But I was thirteen. I spent my first eight-ish years of life never putting down any kinds of roots, knowing they would be ripped out. I was world-weary. I didn't need any kind of comforting. That was just life. It sucked. Our mother was a selfish woman. I long since gave up hope of her changing. 

Letha, though, actively and constantly sought her approval. In the summer, it was in the form of making her bed in the morning, keeping her toys neatly put away when she was not using them, and making big pieces of adorably awful kid artwork that always said 'I love my mommy' on it, and she would rush up when Mom would come home to show her, to try to get a little bit of praise.

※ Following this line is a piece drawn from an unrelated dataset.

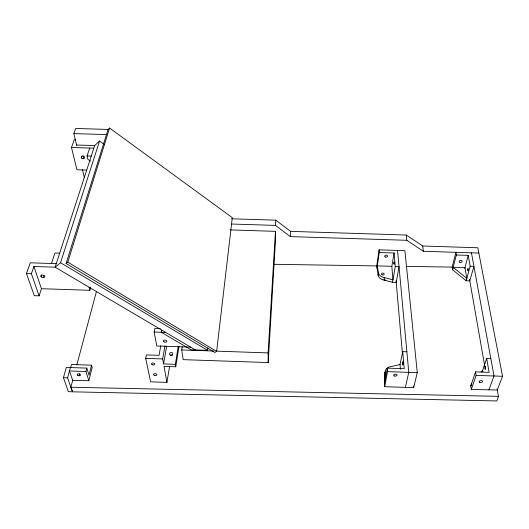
<?xml version="1.0" encoding="UTF-8"?>
<svg xmlns="http://www.w3.org/2000/svg" width="529" height="529" viewBox="0 0 529 529"><rect width="100%" height="100%" fill="white"/><g stroke="black" fill="none" stroke-linecap="round" stroke-linejoin="round"><path stroke-width="0.79" d="M230.208 229.91L275.457 231.345L275.437 241.376L268.196 362.563L183.16 359.647L181.725 349.96L182.234 346.713M273.44 264.295L377.322 265.935L378.546 273.123L378.182 275.576L376.767 265.684L379.088 249.86L404.91 250.686L417.269 372.654L413.665 387.664L384.669 386.712L384.702 374.082L385.496 370.201L386.329 368.852L389.159 366.994L400.03 364.527L402.721 351.64L406.874 351.778M384.887 380.913L385.138 371.728M478.844 253.054L423.372 251.282L406.808 240.298L290.355 236.602L290.566 231.371L275.794 220.176L231.603 218.781M290.355 236.602L275.477 225.407L275.794 220.176M268.196 362.563L268.11 352.909L275.457 231.345M216.632 351.415L232.31 217.65L109.582 128.044L108.101 129.433L66.092 263.508L214.873 352.466L216.632 351.415L67.778 262.133L66.092 263.508M161.636 330.162L161.252 332.265L191.022 349.762L207.553 350.324L207.871 347.87M376.946 268.329L379.267 252.518L379.088 249.86M160.79 345.688L159.057 355.343L146.388 354.906L145.72 358.358L150.626 381.852L166.926 382.368L164.023 366.385L175.76 366.789L175.357 364.329L178.227 346.455M175.76 366.789L178.994 346.502M378.546 273.123C379.253 275.728 381.912 277.196 384.424 277.599L384.028 280.053L392.538 282.301L396.228 282.36L399.025 266.656L395.262 266.537L392.538 282.301M166.926 382.368L169.597 366.293M384.424 277.599L392.961 279.854L391.83 266.345L394.072 252.988L379.267 252.518M175.357 364.329L163.58 363.926L166.675 346.059M163.58 363.926L162.674 358.94L164.955 345.92M190.678 347.156L156.789 345.999L154.17 332.027L154.838 328.522L160.327 328.707M384.444 383.254L387.294 368.138L404.216 368.72L402.721 351.64M384.669 386.712L387.539 371.629L387.294 368.138M453.108 267.31L452.573 269.77L466.201 280.773L469.798 280.833L473.924 266.332L470.162 266.213L466.201 280.773L466.796 278.314L464.938 267.495L453.108 267.31L466.796 278.314M405.379 387.373L408.772 372.363L397.53 250.455M70.648 367.582L71.488 364.494L91.557 365.189L89.031 375.226L86.829 368.118L66.304 367.404L63.44 377.699L68.4 391.678L72.453 391.817L67.593 377.845L70.403 367.549M88.839 380.721L85.956 371.523L69.478 370.955L72.685 380.384L88.839 380.721L92.191 367.305L91.557 365.189M85.956 371.523L86.829 368.118M456.348 254.985L452.573 269.77L452.156 267.112L455.912 252.32L456.348 254.985L468.218 255.362L470.162 266.213M79.191 375.755L79.727 373.712M464.76 268.421L468.218 255.362M497.081 389.073L498.424 396.347L496.824 400.956L72.645 391.824L70.853 387.235L72.771 380.06M76.824 364.911L96.423 291.558M195.34 349.907L55.122 267.198L33.909 266.51L41.467 288.708L89.857 290.302L90.717 287.194M67.778 262.133L109.582 128.044M99.538 141.051L94.684 145.568L55.122 267.198L60.551 262.721L99.538 141.051L104.233 144.404M51.465 263.488L54.93 253.021L59.684 253.173M90.485 161.1L87.827 159.255L87.073 155.962L89.699 148.047M56.279 263.647L30.285 262.801L26.45 273.533L34.306 295.691L39.086 295.85L41.467 288.708M43.292 277.652L44.006 275.523M83.165 158.753L84.038 156.148M490.846 358.675L486.66 358.53L489.127 372.337L475.538 371.867L470.777 385.978L471.319 389.456L497.267 390.005L502.55 376.291L477.826 247.764L422.717 246.011L406.252 235.028L290.566 231.371M40.958 276.303L41.441 274.888M81.228 157.417L81.671 156.115M471.319 389.456L476.113 375.378L475.538 371.867M482.422 371.008L486.66 358.53M39.086 295.85L31.383 273.698L33.909 266.51M86.763 170.1L76.963 169.796L71.481 147.498L74.252 139.762L75.627 139.801M76.725 145.601L73.855 133.599L75.707 128.474L108.101 129.433M488.889 389.827L494.02 376L471.445 252.816M481.092 372.032L482.613 370.201L482.891 371.814M471.789 384.755L470.777 385.978L471.564 383.637M406.186 266.385L452.421 267.119M70.853 387.235L498.424 396.347M73.855 133.599L106.494 134.571M76.586 145.025L94.684 145.568M71.481 147.498L93.838 148.173M87.073 155.962L91.259 156.088M231.814 224.032L275.477 225.407M377.303 265.875L391.83 266.345M26.45 273.533L31.383 273.698M154.17 332.027L165.683 332.41M181.725 349.96L213.815 351.051M216.282 351.137L268.11 352.909M145.72 358.358L162.674 358.94M387.539 371.629L417.269 372.654M476.113 375.378L502.55 376.291M63.44 377.699L67.593 377.845M60.551 262.721L207.553 350.324M89.024 287.194L89.857 290.302M82.451 169.604L84.362 177.612M469.521 279.246L484.63 365.493M422.717 246.011L423.372 251.282M406.252 235.028L406.808 240.298M413.506 386.025L413.665 387.664M394.072 252.988L395.262 266.537M396.082 280.747L402.45 353.808M400.03 364.527L400.433 369.374M170.96 355.138A1.686 1.336 -11.7 0 1 172.613 355.19M384.848 375.676A7.446 6.004 14.2 0 1 385.052 372.561M385.753 280.132A6.612 4.814 8.9 0 1 378.129 274.313M83.185 155.949A1.713 1.223 20.4 0 1 82.802 155.738M467.656 269.519C468.158 274.148 468.535 265.168 467.656 269.519M402.536 363.086C402.88 369.864 403.336 357.525 402.536 363.086M393.9 263.039C394.112 267.608 394.482 258.694 393.9 263.039M164.102 341.906A1.772 1.045 8.5 0 0 166.88 341.43A1.772 1.045 8.5 0 0 164.42 340.121A1.772 1.045 8.5 0 0 164.102 341.906M170.536 355.157A1.693 1.336 -11.6 0 0 172.844 353.564A1.693 1.336 -11.6 0 0 170.159 352.869A1.693 1.336 -11.6 0 0 170.536 355.157M154.217 375.213A1.673 0.932 8.3 0 0 156.895 374.882A1.673 0.932 8.3 0 0 154.647 373.646A1.673 0.932 8.3 0 0 154.217 375.213M152.101 364.66A1.706 0.965 8.6 0 0 154.825 364.316A1.706 0.965 8.6 0 0 152.531 363.039A1.706 0.965 8.6 0 0 152.101 364.66M479.71 382.341A1.726 0.946 -6.2 0 0 482.541 381.601A1.726 0.946 -6.2 0 0 480.299 380.682A1.726 0.946 -6.2 0 0 479.71 382.341M484.895 366.756A1.673 0.41 89.8 0 0 485.146 369.473A1.673 0.41 89.8 0 0 485.596 367.252A1.673 0.41 89.8 0 0 484.895 366.756M394.35 375.967A1.699 0.965 -2.7 0 0 397.054 375.22A1.699 0.965 -2.7 0 0 394.7 374.287A1.699 0.965 -2.7 0 0 394.35 375.967M460.012 262.344A1.508 0.992 -8.9 0 0 462.141 261.174A1.508 0.992 -8.9 0 0 459.794 260.645A1.508 0.992 -8.9 0 0 460.012 262.344M385.257 256.995A1.481 1.012 -4.5 0 0 387.612 256.188A1.481 1.012 -4.5 0 0 385.542 255.236A1.481 1.012 -4.5 0 0 385.257 256.995M382.037 274.749A1.336 0.972 8.7 0 0 384.173 274.273A1.336 0.972 8.7 0 0 382.368 273.096A1.336 0.972 8.7 0 0 382.037 274.749M77.618 375.233A1.693 0.906 11.2 0 0 80.454 375.332A1.693 0.906 11.2 0 0 78.576 373.864A1.693 0.906 11.2 0 0 77.618 375.233M41.427 276.951A2.004 1.21 15.8 0 0 44.727 277.064A2.004 1.21 15.8 0 0 42.439 275.08A2.004 1.21 15.8 0 0 41.427 276.951M81.598 158.065A1.713 1.223 20.3 0 0 84.428 158.151A1.713 1.223 20.3 0 0 82.564 156.174A1.713 1.223 20.3 0 0 81.598 158.065"/></g></svg>

Once we settled down in Miami that year and school started, she tried to get her approval through perfect grades, through her dedication to Girls Scouts and the dance classes I had had ten rounds with my mother about allowing her to take. Since, y'know, the child support checks were meant for things such as that, not to feed her Jimmy Choo habit.

Mom didn't care about her grades. And she never showed up for recitals.

It made my chest deflate when I would see Letha's eyes watering up when she looked out hopefully into the crowd. 

In fact, it bothered me enough to dig through my mother's paperwork and find his cell number.

The next time she had a recital, despite it being against the law given their arrangement, Jake was sitting next to me in the audience.

He had even brought her pretty pink tulips and a little jewelry box with music and a dancing ballerina inside.

She still had one of those flowers pressed in between the pages of her diary and the jewelry box was long-broken, but sitting under the floorboard in my apartment, along with her diary.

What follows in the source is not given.